Both defendants at their respective hearings sat a few feet in front a large TV screen. They turned around in swivel chairs to watch images from Zierhut's life. The photos portrayed an idyllic upbringing in the north metro of Zierhut caring for orphaned animals, wearing swimming goggles and sporting various hair colors over the years in school pictures. She eventually became a cosmetologist and hairstylist.

Defendants listened to the same five victim impact statements from Zierhut's family. They heard similar sentiments from the judge acknowledging their pain and "perfectly legitimate feeling that the victim's family has of the inadequacy of the punishment in this case," Scoggin said.

Fischmann, the prosecutor, said that Zierhut will live on in parts of everyone inside that courtroom through thoughts and memories of her.

"Not only did Ms. Rissell kill Annysa, she tried to erase her from this Earth," Fischmann said. "She utterly failed to do that."
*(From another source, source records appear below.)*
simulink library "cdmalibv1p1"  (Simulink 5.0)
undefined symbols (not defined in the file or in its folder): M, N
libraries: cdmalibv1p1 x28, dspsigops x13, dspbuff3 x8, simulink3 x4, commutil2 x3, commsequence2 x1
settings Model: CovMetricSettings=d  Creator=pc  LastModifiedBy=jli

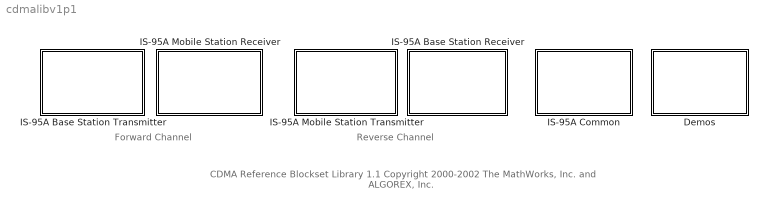
== system cdmalibv1p1 ==
  note: CDMA Reference Blockset Library 1.1
      | Copyright 2000-2002 The MathWorks, Inc. and ALGOREX, Inc.
  note: Forward Channel
  note: Reverse Channel
  Demos : Subsystem
      settings: OpenFcn=demo blocksets CDMA
      mask Type: DSP Demos
      mask Display: disp('Demos')
  IS-95A Base Station Receiver : Subsystem
      mask Display: disp('IS-95A \nBase Station\nReceiver')
  IS-95A Base Station Transmitter : Subsystem
      mask Display: disp('IS-95A \nBase Station\nTransmitter')
  IS-95A Common : Subsystem
      mask Display: disp('IS-95A \nCommon')
  IS-95A Mobile Station Receiver : Subsystem
      mask Display: disp('IS-95A \nMobile Station\nReceiver')
  IS-95A Mobile Station Transmitter : Subsystem
      mask Display: disp('IS-95A \nMobile Station\nTransmitter')

== system cdmalibv1p1/Demos ==

== system cdmalibv1p1/IS-95A Base Station Receiver ==
  IS-95A Rev Ch Viterbi Decoder : S-Function  FunctionName=sis95rcdec  Parameters=rateSet chType traceBackLenRatio decodeLenRatio  mask(IS-95A Rev Ch Viterbi Decoder){rateSet=Rate Set I, chType=Traffic, traceBackLenRatio=1, decodeLenRatio=1}
      mask prompts: rateSet "Rate set:"; chType "Channel type:"; traceBackLenRatio "Ratio of trace-back length to frame length:"; decodeLenRatio "Ratio of decoding length to frame length:"
      mask help: Perform optimum decoding for a convolutionally encoded reverse Access or Traffic channel frame.
      mask Help: web(cdmaweb);
      mask StyleString: popup(Rate Set I|Rate Set II),popup(Access|Traffic),edit,edit
      mask Display:
      | port_label('input', 1, 'Rate');
      | port_label('input', 2, 'Frame In');
      | port_label('output', 2, 'Metric');
      | port_label('output', 1, 'Frame Out');
  IS-95A Rev Ch Walsh Correlator : S-Function  FunctionName=sis95rcwalshcor  Parameters=wlshOrd numSymb  mask(IS-95A Rev Ch Walsh Correlator){wlshOrd=6, numSymb=1}
      mask prompts: wlshOrd "Walsh order:"; numSymb "Number of input symbols:"
      mask help:
      | Correlate the input sequence with a bank of Walsh sequences for the reverse Access or Traffic channel frame. The length of the input vector is
      | (Number of input symbols) * (2^Walsh order).
      mask Help: web(cdmaweb);
      mask Display: disp('IS-95A Rev Ch \nWalsh Correlator');
  IS-95A Rev Ch Walsh Demodulator : S-Function  FunctionName=sis95rcwalshdemod  Parameters=wlshOrd numSymb  mask(IS-95A Rev Ch Walsh Demodulator){wlshOrd=6, numSymb=1}
      mask prompts: wlshOrd "Walsh order:"; numSymb "Number of input symbols:"
      mask help: Perform Walsh demodulation of the received signal. The length of the input vector is (Number of input symbols) * (2^Walsh order).
      mask Help: web(cdmaweb);
      mask Display:
      | port_label('output', 1, 'Hard Dec');
      | port_label('output', 2, 'Soft Dec');
  IS-95A Rev Ch  Rake Finger : Subsystem  TreatAsAtomicUnit=on  mask(IS-95A Rev Ch Rake Finger){wlshOrd=6, outSize=1, buffSize=3, ovrSmp=8}
      mask prompts: wlshOrd "Walsh order:"; outSize "Output size (in number of walsh functions):"; buffSize "Tracking buffer size (in number of symbols):"; ovrSmp "Oversampling rate:"
      mask help: Despread the received signal with the short PN and long codes and then correlate the despread signal with all of the Walsh code sequences.
      mask Help: web(cdmaweb);
  IS-95A Rev Ch Detector : Subsystem  mask(IS-95A Rev Ch Detector){chType=Traffic, wlshOrd=6, lngcd_mask=2^41, overSamplRate=8, sampTime=1/(50*384)}
      mask prompts: chType "Channel type:"; wlshOrd "Walsh order:"; lngcd_mask "Long code mask:"; overSamplRate "Oversampling rate:"; sampTime "Sample time:"
      mask help: Perform noncoherent detection of the reverse Access or Traffic channel frame.
      mask init:
      | is95noncohdetector;
      mask Help: web(cdmaweb);
      mask StyleString: popup(Access|Traffic),edit,edit,edit,edit
  IS-95A Rev Ch Short Code Despreader : S-Function  FunctionName=sis95rcdespread  Parameters=numSymb buffSize integLen ovrSmp  mask(IS-95A Rev Ch Short Code Despreader){numSymb=1, integLen=64, buffSize=3, ovrSmp=8}
      mask prompts: numSymb "Input frame size (in number of symbols):"; integLen "Walsh size:"; buffSize "Tracking buffer size (in number of symbols):"; ovrSmp "Oversampling rate:"
      mask help: Perform despreading of the input I and Q frames with the I and Q short PN codes.
      mask Help: web(cdmaweb);
      mask Display:
      | port_label('input', 1, 'Rx I');
      | port_label('input', 2, 'Rx Q');
      | port_label('input', 3, 'PN I');
      | port_label('input', 4, 'PN Q');
      | port_label('input', 5, 'Path Delay');
      | port_label('output', 1, 'Data I');
      | port_label('output', 2, 'Data Q');

== system cdmalibv1p1/IS-95A Base Station Transmitter ==
  IS-95A Fwd Ch Convolutional Encoder : S-Function  FunctionName=sis95enc  Parameters=ch_type rate_set enc_state  mask(IS-95A Fwd Ch Convolutional Encoder){rate_set=Rate Set I, ch_type=Traffic, enc_state=[]}
      mask prompts: rate_set "Rate set:"; ch_type "Channel type:"; enc_state "Initial encoder state:"
      mask help: Convolutionally encode the bits of the forward Sync, Paging or Traffic channel frame.
      mask Help: web(cdmaweb);
      mask StyleString: popup(Rate Set I|Rate Set II),popup(Sync|Paging|Traffic),edit
      mask Display:
      | port_label('input', 1, 'Rate');
      | port_label('input', 2, 'Frame In');
  IS-95A Fwd Ch Interleaver/Deinterleaver : S-Function  FunctionName=sis95int  Parameters=ch_type intlv_tbl int_option  mask(IS-95A Fwd Ch Interleaver/Deinterleaver){ch_type=Traffic, int_select=Interleaver}
      mask prompts: ch_type "Channel type:"; int_select "Function:"
      mask help: Interleave or deinterleave the symbols of the forward Sync, Paging or Traffic Channel frame.
      mask init:
      | is95fwdchinterleaver;
      mask Help: web(cdmaweb);
      mask StyleString: popup(Sync|Paging|Traffic),popup(Interleaver|Deinterleaver)
      mask Display: disp('IS-95A Fwd Ch \nInterleaver/\nDeinterleaver');
  IS-95A Fwd Ch Repeater/Derepeater : S-Function  FunctionName=sis95rep  Parameters=ch_type rate_set rep_option  mask(IS-95A Fwd Ch Repeater/Derepeater){rate_set=Rate Set I, ch_type=Traffic, rep_select=Derepeater}
      mask prompts: rate_set "Rate set:"; ch_type "Channel type:"; rep_select "Function:"
      mask help: Repeat and puncture if necessary or derepeat the symbols of a convolutionally encoded frame for the forward Sync, Paging or Traffic channel.
      mask init:
      | is95fwdchrepeater;
      mask Help: web(cdmaweb);
      mask StyleString: popup(Rate Set I|Rate Set II),popup(Sync|Paging|Traffic),popup(Repeater|Derepeater)
      mask Display:
      | port_label('input', 1, 'Rate');
      | port_label('input', 2, 'Frame In');
  IS-95A Fwd Ch Scrambler : S-Function  FunctionName=sis95scramble  Parameters="chType  rate_set"  mask(IS-95A Fwd Ch Scrambler){rate_set=Rate Set I, chType=Traffic}
      mask prompts: rate_set "Rate set:"; chType "Channel type:"
      mask help: Scramble the symbols of the forward Paging or Traffic channel frame by the decimated long code and insert power control bits into the Traffic channel frame.
      mask Help: web(cdmaweb);
      mask StyleString: popup(Rate Set I|Rate Set II),popup(Sync|Paging|Traffic)
      mask Display:
      | port_label('input', 1, 'Rate');
      | port_label('input', 2, 'Data In');
      | port_label('input', 3, 'Long Code');
      | port_label('input', 4, 'Power Bits');
  IS-95A Fwd Ch Base Station Transmitter Interface : Subsystem  mask(IS-95A Fwd Ch Base Station Transmitter Interface){paging_rate=Full, wlshOrd=6, wlsh_indices=[0 32 2 38 23], sampTime=1/(50*384)}
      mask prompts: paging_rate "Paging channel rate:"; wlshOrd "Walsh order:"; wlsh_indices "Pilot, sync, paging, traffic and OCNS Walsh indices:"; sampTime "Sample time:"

Fischmann and the family thanked the FBI, Minneapolis police, as well as the Anoka County Sheriff's Office and Columbia Heights Police Department — two agencies that assisted in the homicide investigation even after it changed jurisdictions.

Grandmother Katherine Ost said she can't look through old photo albums of her sweet granddaughter's face anymore because of the grim reminder she is gone.

"How many hours did she suffer, knowing she could not escape or save the unborn baby she was carrying and already loved? Was she alive when set on fire? I cannot understand this kind of heartless evil."

But last year a message of comfort came to her. Gold stars hung from the ceiling at Beautiful Savior Lutheran Church in Plymouth in memory of those who died.

She said when they went to take the gold stars down, Grace's star fell freely on its own, landing in the baptismal fountain.